1.3.1   Acceleration feedback


Acceleration feedback is commonly used to provide a secondary stabilising term to improve the damping of the governor and to assist the prime safety function of the governor in preventing overspeed due to a load rejection.

With a disconnection from the power system, the response of a governor without acceleration feedback would be controlled by the speed error term as modified by the droop law. If the speed droop is set to 4%, the valves would have fully closed by the time the speed was 4% above nominal. A typical value of the initial acceleration rate is 12% per second, so it would be at least 0.33 seconds before the valves had been signalled to the fully-closed state. In addition, inherent delays in the hydraulic system mean that the valves do not achieve the signalled closure response. Taking a linear acceleration rate of 12% per second, the time to reach an overspeed of 10% would be 10/12 = 0.833 seconds. Because of the expansion of steam entrained between the steam valves and the turbine, the turbine will continue to accelerate after the steam valves are closed. To contain the overspeed within the trip setting of 10%, it is generally necessary to incorporate an acceleration term.

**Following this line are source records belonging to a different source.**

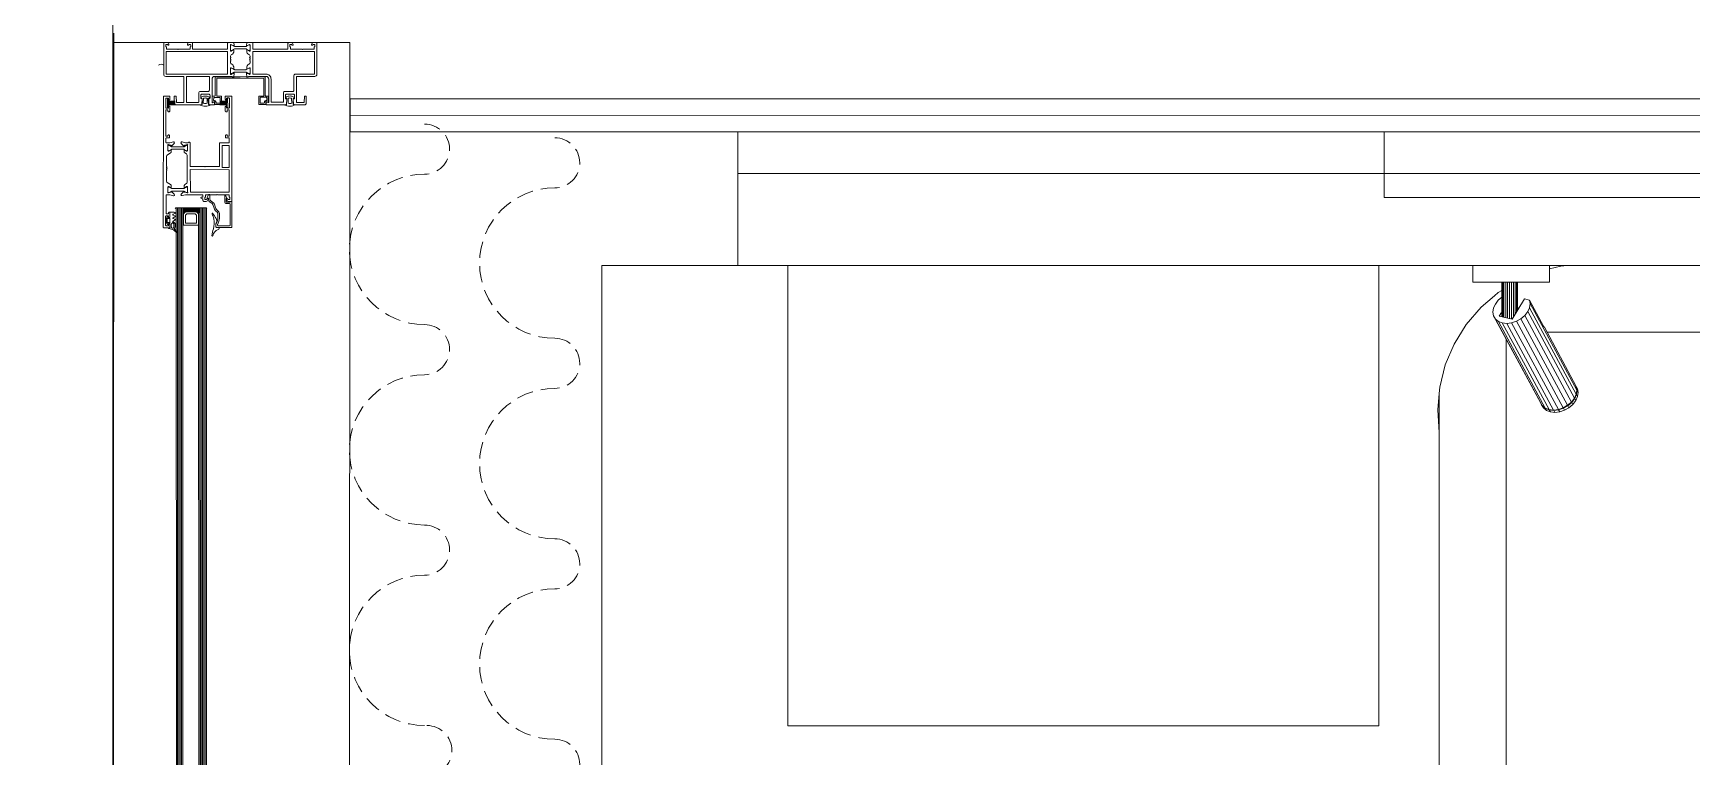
# Model space of a CAD drawing. Header units: centimetres. Extents: x 118932 to 154602, y -32682 to -23521.
# Drawn here: x 138034.9 to 138161, y -25169.3 to -25114.3 of the extents above; entities that cross this region are included whole.
import ezdxf
from ezdxf.enums import TextEntityAlignment as Align

# ---------------------------------------------------------------- set-up
doc = ezdxf.new("R2010")
doc.units = ezdxf.units.CM
doc.header["$LTSCALE"] = 50
doc.header["$MEASUREMENT"] = 0
doc.linetypes.add('HIDDEN', pattern=[0.375, 0.25, -0.125])
for name, color, linetype, lineweight, true_color in [('GEN_00_BL_Yazı', 7, 'Continuous', 0, 0x4f5250), ('GEN_02_TF_Mobilya', 7, 'Continuous', 5, 0x745e3d), ('GEN_02_TF_Pencere', 7, 'Continuous', 9, 0x6093ac), ('GEN_05_ML_Alçıpan_giydirme', 7, 'Continuous', 18, 0x7ebab5), ('GEN_05_ML_Mermer', 7, 'Continuous', 9, 0x9d8692), ('GEN_06_GR_İnce', 7, 'Continuous', 13, 0xb0b0a9)]:
    doc.layers.add(name, color=color, linetype=linetype, lineweight=lineweight, true_color=true_color)
doc.layers.add('GEN_02_TF_Halı', color=7, linetype='Continuous', lineweight=5, true_color=0x903373, transparency=0.8)
doc.styles.add('Arial_6', font='arial.ttf', dxfattribs={"height": 59.5325})

# ---------------------------------------------------------------- blocks, each defined once
blk = doc.blocks.new('LEVEL 0_E BLOK_GÖRÜNÜŞ')
at = {"layer": 'GEN_02_TF_Pencere'}
blk.add_lwpolyline([(299.56, 406.14), (299.5, 274.43)], dxfattribs=at)
at = {"layer": 'GEN_06_GR_İnce', "flags": 128}
blk.add_lwpolyline([(-20.7, 553), (299.43, 553.15), (299.56, 274.15), (275.15, 274.13), (212.14, 211), (-20.65, 443.36), (-20.7, 553)], close=True, dxfattribs=at)
blk = doc.blocks.new('suıte c-d duvarlar')
at = {"layer": 'GEN_05_ML_Alçıpan_giydirme', "elevation": 0}
blk.add_lwpolyline([(674.28, 319.37), (337.06, 319.36), (337.06, 321.86), (674.28, 321.87)], close=True, dxfattribs=at)
blk.add_lwpolyline([(337.06, 320.61), (674.28, 320.62)], dxfattribs=at)
blk = doc.blocks.new('P19')
at = {"layer": 'GEN_02_TF_Pencere'}
for p, q in [((62994.92, 12251.06, 0), (62994.91, 12201.71, 0)), ((62995.02, 12251.11, 0), (62995.01, 12201.68, 0)), ((62995.12, 12251.11, 0), (62995.11, 12201.68, 0)), ((62995.22, 12251.11, 0), (62995.21, 12201.68, 0)), ((62995.32, 12251.11, 0), (62995.31, 12201.68, 0)), ((62995.42, 12251.11, 0), (62995.41, 12201.68, 0)), ((62996.82, 12251.11, 0), (62996.81, 12201.68, 0)), ((62996.92, 12251.11, 0), (62996.91, 12201.68, 0)), ((62997.02, 12251.11, 0), (62997.01, 12201.68, 0)), ((62997.12, 12251.11, 0), (62997.11, 12201.68, 0)), ((62997.22, 12251.11, 0), (62997.21, 12201.68, 0)), ((62995.52, 12250.73, 0), (62995.51, 12201.68, 0)), ((62996.72, 12250.73, 0), (62996.71, 12201.71, 0)), ((62995.49, 12201.68, 0), (62995.49, 12202.05, 0)), ((62995.49, 12202.05, 0), (62995.64, 12201.9, 0)), ((62995.49, 12202.04, 0), (62995.51, 12202.04, 0)), ((62995.49, 12202, 0), (62995.55, 12202, 0)), ((62995.49, 12201.96, 0), (62995.59, 12201.96, 0)), ((62995.49, 12201.92, 0), (62995.63, 12201.92, 0)), ((62995.49, 12201.88, 0), (62996.69, 12201.88, 0)), ((62995.49, 12201.84, 0), (62996.69, 12201.84, 0)), ((62996.66, 12202.98, 0), (62995.52, 12202.98, 0)), ((62995.52, 12202.98, 0), (62995.52, 12202.13, 0)), ((62995.52, 12202.13, 0), (62995.67, 12201.98, 0)), ((62995.64, 12201.9, 0), (62996.54, 12201.9, 0)), ((62996.51, 12202.83, 0), (62995.67, 12202.83, 0)), ((62995.67, 12202.83, 0), (62995.67, 12202.23, 0)), ((62995.67, 12202.23, 0), (62995.77, 12202.13, 0)), ((62995.67, 12201.98, 0), (62996.51, 12201.98, 0)), ((62995.77, 12202.13, 0), (62996.41, 12202.13, 0)), ((62996.41, 12202.13, 0), (62996.51, 12202.23, 0)), ((62996.51, 12202.23, 0), (62996.51, 12202.83, 0)), ((62996.51, 12201.98, 0), (62996.66, 12202.13, 0)), ((62996.54, 12201.9, 0), (62996.69, 12202.05, 0)), ((62996.56, 12201.92, 0), (62996.69, 12201.92, 0)), ((62996.6, 12201.96, 0), (62996.69, 12201.96, 0)), ((62996.64, 12202, 0), (62996.69, 12202, 0)), ((62996.66, 12202.13, 0), (62996.66, 12202.98, 0)), ((62996.68, 12202.04, 0), (62996.69, 12202.04, 0)), ((62996.69, 12202.05, 0), (62996.69, 12201.68, 0)), ((62994.89, 12201.73, 0), (62994.94, 12201.68, 0)), ((62994.94, 12201.68, 0), (62995.44, 12201.68, 0)), ((62995.44, 12201.68, 0), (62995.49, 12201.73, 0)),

A governor incorporating acceleration detection can sense the need to close the steam valves as soon as its measurement circuits are able to respond. The valves can be instructed to close at maximum rate within 30 ms of the load rejection and should be fully closed 100 ms later. Figure 2.6 shows a typical response to a load rejection.

Turbine response for load rejection

To ensure that this form of acceleration feedback only comes into play during a significant load rejection, a threshold is preset into the sensing system below which there is no output. The acceleration signal must also be present for a preset time before it takes effect.